Deployment and Upgrade for Quality Documentation in Metabolism and Endocrinology

Quality documentation in metabolism and endocrinology typically originates from internal pharmaceutical company R&D, manufacturing, clinical trials

Data Characteristics for This Category

Quality documentation in metabolism and endocrinology typically originates from internal pharmaceutical company R&D, manufacturing, clinical trials, and post-market surveillance reports. These documents are updated frequently, especially during new drug development or regulatory policy changes, with revisions potentially occurring weekly or even daily. Document structures are primarily PDF, Word, and Excel, containing content such as experimental protocols, batch production records, inspection reports, stability study data, clinical study reports, and drug inserts. Fields include compound names, batch numbers, production dates, expiration dates, test indicators (e.g., blood glucose mg/dL, insulin levels mU/L), test methods, and result criteria. Data units strictly adhere to international standards, such as mmol/L and ng/mL, and often include specific reference ranges.

Constraints Imposed by These Characteristics on "Deployment and Upgrade"
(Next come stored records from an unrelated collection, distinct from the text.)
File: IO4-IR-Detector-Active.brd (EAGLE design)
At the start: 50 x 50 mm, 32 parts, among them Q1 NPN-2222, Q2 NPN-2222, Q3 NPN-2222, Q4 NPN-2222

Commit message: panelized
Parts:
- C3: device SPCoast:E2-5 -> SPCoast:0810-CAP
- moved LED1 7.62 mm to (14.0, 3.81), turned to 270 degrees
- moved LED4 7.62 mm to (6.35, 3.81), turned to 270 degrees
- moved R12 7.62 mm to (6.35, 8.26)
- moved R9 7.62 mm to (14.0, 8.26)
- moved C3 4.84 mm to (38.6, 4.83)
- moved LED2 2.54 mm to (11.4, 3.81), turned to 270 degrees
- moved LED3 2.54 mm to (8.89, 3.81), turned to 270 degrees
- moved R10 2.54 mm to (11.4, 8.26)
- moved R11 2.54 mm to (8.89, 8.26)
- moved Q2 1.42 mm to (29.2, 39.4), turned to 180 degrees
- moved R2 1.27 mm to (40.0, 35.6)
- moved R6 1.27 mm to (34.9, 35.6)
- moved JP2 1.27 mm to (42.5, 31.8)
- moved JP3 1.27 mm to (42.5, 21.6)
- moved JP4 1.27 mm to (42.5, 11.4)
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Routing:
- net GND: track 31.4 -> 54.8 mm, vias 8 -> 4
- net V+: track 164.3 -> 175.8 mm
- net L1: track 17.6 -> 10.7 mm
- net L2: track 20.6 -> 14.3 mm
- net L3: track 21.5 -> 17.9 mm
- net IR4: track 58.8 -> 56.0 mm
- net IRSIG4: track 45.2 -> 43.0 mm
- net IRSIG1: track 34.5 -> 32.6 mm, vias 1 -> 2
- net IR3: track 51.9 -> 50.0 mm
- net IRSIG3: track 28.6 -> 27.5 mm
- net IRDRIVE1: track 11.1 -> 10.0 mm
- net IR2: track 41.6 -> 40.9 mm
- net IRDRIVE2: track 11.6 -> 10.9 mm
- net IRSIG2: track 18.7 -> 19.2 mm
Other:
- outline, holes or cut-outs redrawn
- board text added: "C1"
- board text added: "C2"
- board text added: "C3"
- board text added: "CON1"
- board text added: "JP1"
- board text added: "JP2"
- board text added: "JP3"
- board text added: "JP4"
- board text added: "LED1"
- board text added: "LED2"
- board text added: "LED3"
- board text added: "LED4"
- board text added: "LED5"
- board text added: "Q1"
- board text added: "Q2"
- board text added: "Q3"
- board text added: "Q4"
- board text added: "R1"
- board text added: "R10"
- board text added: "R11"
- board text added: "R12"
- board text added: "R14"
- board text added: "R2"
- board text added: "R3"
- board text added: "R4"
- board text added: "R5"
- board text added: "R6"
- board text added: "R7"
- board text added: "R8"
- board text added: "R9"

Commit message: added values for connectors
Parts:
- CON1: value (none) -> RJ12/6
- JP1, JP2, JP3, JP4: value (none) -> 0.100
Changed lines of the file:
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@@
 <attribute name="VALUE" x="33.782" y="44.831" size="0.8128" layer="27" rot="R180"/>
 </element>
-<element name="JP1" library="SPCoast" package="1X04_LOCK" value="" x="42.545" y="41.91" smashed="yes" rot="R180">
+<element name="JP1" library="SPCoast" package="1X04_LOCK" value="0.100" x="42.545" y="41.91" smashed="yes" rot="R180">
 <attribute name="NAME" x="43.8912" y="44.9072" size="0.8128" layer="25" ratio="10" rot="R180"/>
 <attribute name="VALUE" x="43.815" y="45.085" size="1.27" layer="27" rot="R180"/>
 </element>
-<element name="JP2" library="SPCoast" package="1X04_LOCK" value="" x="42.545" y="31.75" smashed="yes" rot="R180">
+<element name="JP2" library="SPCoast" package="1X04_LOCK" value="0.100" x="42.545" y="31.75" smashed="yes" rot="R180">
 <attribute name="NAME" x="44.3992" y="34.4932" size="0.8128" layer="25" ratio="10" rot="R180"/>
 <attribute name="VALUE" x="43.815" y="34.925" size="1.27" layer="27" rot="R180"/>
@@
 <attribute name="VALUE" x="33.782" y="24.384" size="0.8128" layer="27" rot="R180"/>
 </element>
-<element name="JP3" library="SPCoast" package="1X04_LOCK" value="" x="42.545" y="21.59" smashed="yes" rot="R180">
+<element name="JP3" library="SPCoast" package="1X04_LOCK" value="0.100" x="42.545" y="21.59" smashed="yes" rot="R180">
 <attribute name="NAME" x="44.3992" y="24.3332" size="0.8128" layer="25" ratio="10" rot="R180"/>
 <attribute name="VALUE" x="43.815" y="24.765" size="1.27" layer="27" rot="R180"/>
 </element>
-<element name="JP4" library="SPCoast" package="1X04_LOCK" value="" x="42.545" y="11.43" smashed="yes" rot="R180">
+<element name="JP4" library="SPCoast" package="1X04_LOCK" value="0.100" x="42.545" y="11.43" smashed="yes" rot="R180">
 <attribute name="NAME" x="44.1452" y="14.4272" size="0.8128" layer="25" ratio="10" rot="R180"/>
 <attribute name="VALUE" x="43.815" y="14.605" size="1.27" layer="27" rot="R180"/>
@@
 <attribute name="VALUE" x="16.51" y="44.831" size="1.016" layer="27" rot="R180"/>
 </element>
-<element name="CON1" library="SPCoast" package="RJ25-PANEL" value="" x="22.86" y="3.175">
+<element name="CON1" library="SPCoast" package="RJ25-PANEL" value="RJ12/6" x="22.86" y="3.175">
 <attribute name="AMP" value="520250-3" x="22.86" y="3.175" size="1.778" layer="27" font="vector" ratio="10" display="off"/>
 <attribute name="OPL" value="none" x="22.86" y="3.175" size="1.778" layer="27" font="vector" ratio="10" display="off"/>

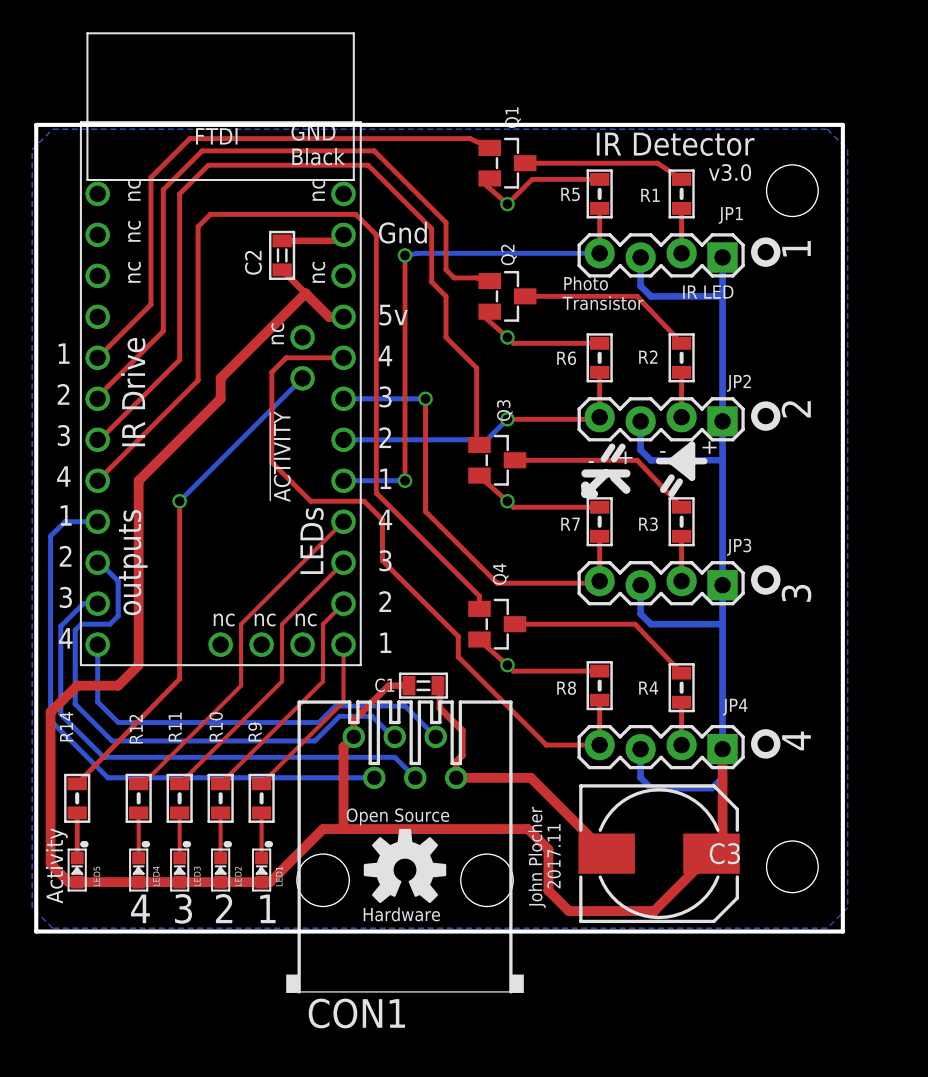
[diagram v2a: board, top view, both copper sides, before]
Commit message: normalized values
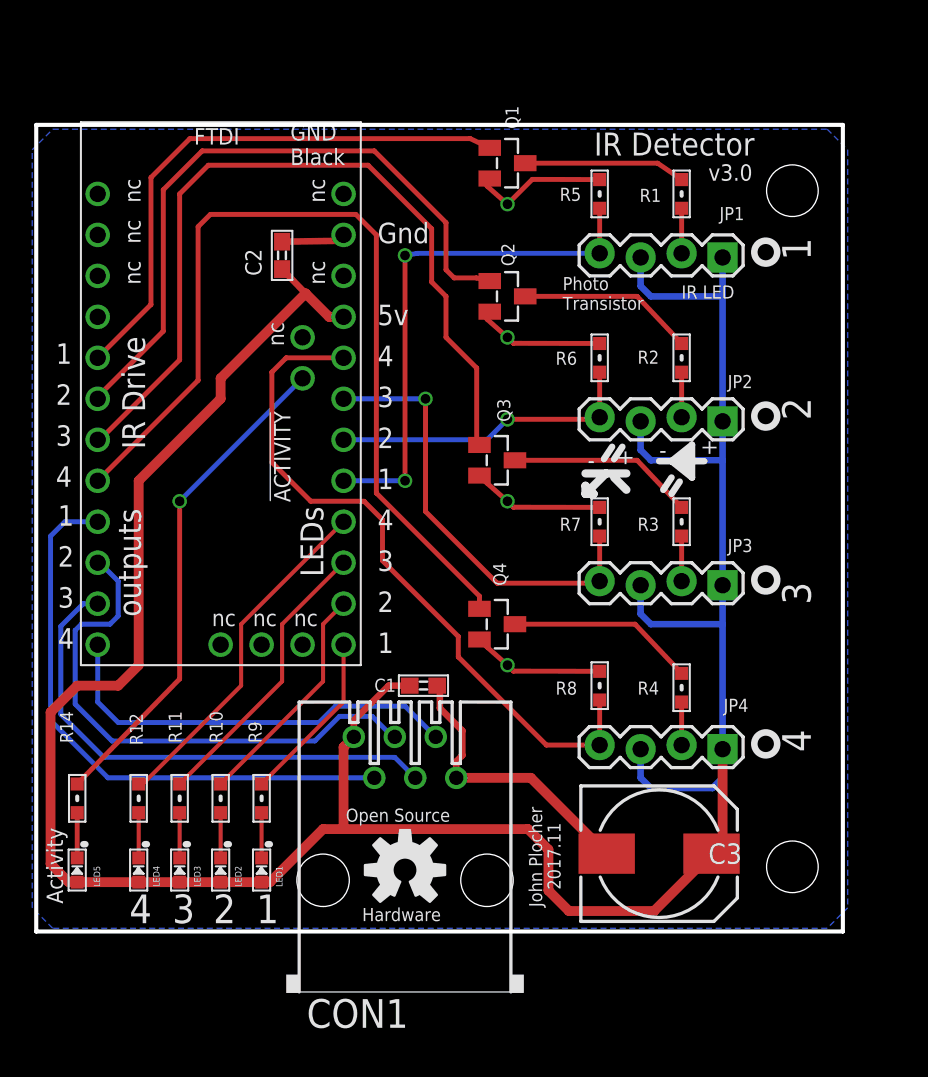
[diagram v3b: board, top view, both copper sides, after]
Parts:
- ARDUINO1: value ARDUINO-PRO-MINIDAVESROBOT -> DAVEK
- C1, C2: device SPCoast:0805-CAP -> SPCoast:0603-CAP
- R1, R10, R11, R12, R14, R2, R3, R4, R5, R6, R7, R8, R9: device SPCoast:0805-RES -> SPCoast:0603-RES

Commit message: make room for conveyer fingers
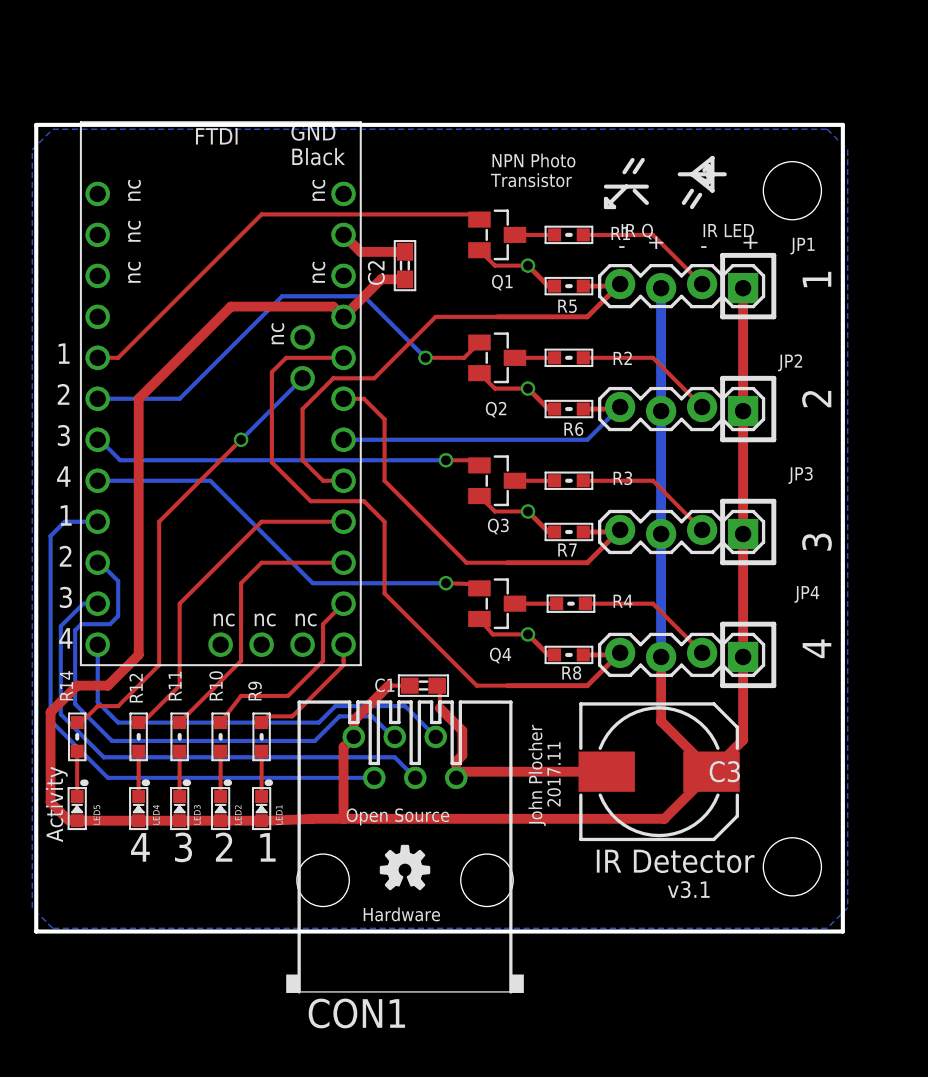
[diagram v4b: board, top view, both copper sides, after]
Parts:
- OSH_LOGO: value OSHW-LOGOM -> DOC-OSHW-LOGO-S; device SparkFun:OSHW-LOGO-M -> SPCoast:OSHW-LOGO-S
- R1, R2, R3, R4: value 1k0 -> 330R
- R14: value 2k0 -> 5k0
- moved R4 8.61 mm to (33.1, 20.3), turned to 0 degrees
- moved C2 7.65 mm to (22.9, 41.3)
- moved R1 7.43 mm to (33.0, 43.2), turned to 0 degrees
- moved R3 7.43 mm to (33.0, 27.9), turned to 0 degrees
- moved R2 6.98 mm to (33.0, 35.6), turned to 0 degrees
- moved R5 6.02 mm to (33.0, 40.0), turned to 180 degrees
- moved JP4 5.85 mm to (43.8, 17.1)
- moved C3 5.08 mm to (38.6, 9.91)
- moved Q1 4.49 mm to (28.6, 43.2)
- moved Q2 3.86 mm to (28.6, 35.6)
- moved LED1 3.81 mm to (14.0, 7.62)
- moved LED2 3.81 mm to (11.4, 7.62)
- moved LED3 3.81 mm to (8.89, 7.62)
- moved LED4 3.81 mm to (6.35, 7.62)
- moved LED5 3.81 mm to (2.54, 7.62)
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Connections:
- net V+ renamed VCC
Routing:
- net IR4: track 56.0 -> 26.3 mm, vias 0 -> 1
- net IR3: track 50.0 -> 24.4 mm, vias 0 -> 1
- net IR2: track 40.9 -> 28.3 mm, vias 0 -> 1
- net VCC: track 175.8 -> 163.9 mm
- net GND: track 54.8 -> 43.0 mm
- net IRDRIVE3: track 11.6 -> 2.46 mm
- net IRDRIVE4: track 11.6 -> 2.58 mm
- net IRDRIVE2: track 11.0 -> 2.46 mm
- net IRDRIVE1: track 10.0 -> 2.46 mm
- net IR1: track 34.7 -> 27.5 mm
- net N$4: track 2.79 -> 8.63 mm
- net N$3: track 2.79 -> 8.63 mm
- net N$5: track 2.67 -> 8.50 mm
- net N$2: track 2.79 -> 8.63 mm
- net L1: track 10.7 -> 7.82 mm
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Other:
- board text added: "#1"
- board text added: "#2"
- board text added: "#3"
- board text added: "#4"
- board text added: "+5v"
- board text added: "Auto compensates for changes in ambient light"
- board text added: "GND"
- board text added: "IR Detector - Active"
- board text added: "IR Q"
- board text added: "Infrared Emitter IR 940nm"
- board text added: "Infrared Emitters IR 940nm"
- board text added: "NPN Photo Transistor"
- board text added: "v3.1"
- board text removed: "!ACTIVITY"
- board text removed: "5v"
- board text removed: "Auto compensates for ambient light"
- board text removed: "Gnd"
- board text removed: "IR Drive"
- board text removed: "Infrared Emitters IR 940nm 34 deg Water Clear"
- board text removed: "LEDs"
- board text removed: "Photo Transistor"
- board text removed: "Solder Side"
- board text removed: "outputs"
- board text removed: "v3.0"

The frequent updates to metabolism and endocrinology documents require deployment solutions with efficient document synchronization and index rebuilding mechanisms to ensure knowledge base timeliness. Documents contain extensive tabular data and charts, challenging the accuracy and robustness of parsers. Special configurations are needed to ensure critical data points are not missed. The specialized nature of fields and standardization of units demand that the knowledge base accurately identifies and differentiates various metrics during vectorization and retrieval, preventing confusion. Furthermore, documents often contain sensitive information, necessitating that the deployment environment meets strict data security and access control requirements to ensure data isolation and compliance. The deployment and upgrade process must account for smooth migration of existing knowledge bases, avoid service interruptions, and support version management for new and old documents.

Configuration Settings

Configuration ItemRecommended ValueRationale
UPLOAD_FILE_MAX_SIZE200 MBAccommodates large clinical trial reports and batch production record documents.
PARSE_FILE_TIMEOUT_SECONDS600 secondsEnsures sufficient parsing time for complex PDF or Word documents, preventing timeout failures.
Chunk size800–1200 charactersBalances semantic completeness and retrieval accuracy, suited for documents with specialized terms and long sentences.
Recall countTop 10 entriesIncreases the number of initially recalled relevant segments, improving hit rates for complex queries.
Similarity threshold0.75For specialized domain documents, this improves the relevance of retrieval results and reduces inaccurate recalls.
Rerank result countTop 5 entriesFurther refines retrieval results, prioritizing the most relevant segments to enhance answer quality.

Three Common Mistakes

  • After deployment, the local area network cannot access the service. 127.0.0.1 is available, but other IPs are not. This is typically a Docker container network configuration issue. Check docker-compose.yml for correct port mapping and ensure the host firewall rules allow external access to the specified ports.
  • When uploading large batch production record PDF files, document parsing progress stalls for an extended period or reports an error. This may be due to PARSE_FILE_TIMEOUT_SECONDS being set too low, causing the parser to time out when processing complex document structures or extracting images.
  • During knowledge base Q&A, numerical values related to specific test indicators (e.g., blood glucose units) are sometimes confused. This indicates that critical contextual information was not sufficiently preserved during document segmentation or vectorization, leading to inadequate understanding of specialized fields by the model.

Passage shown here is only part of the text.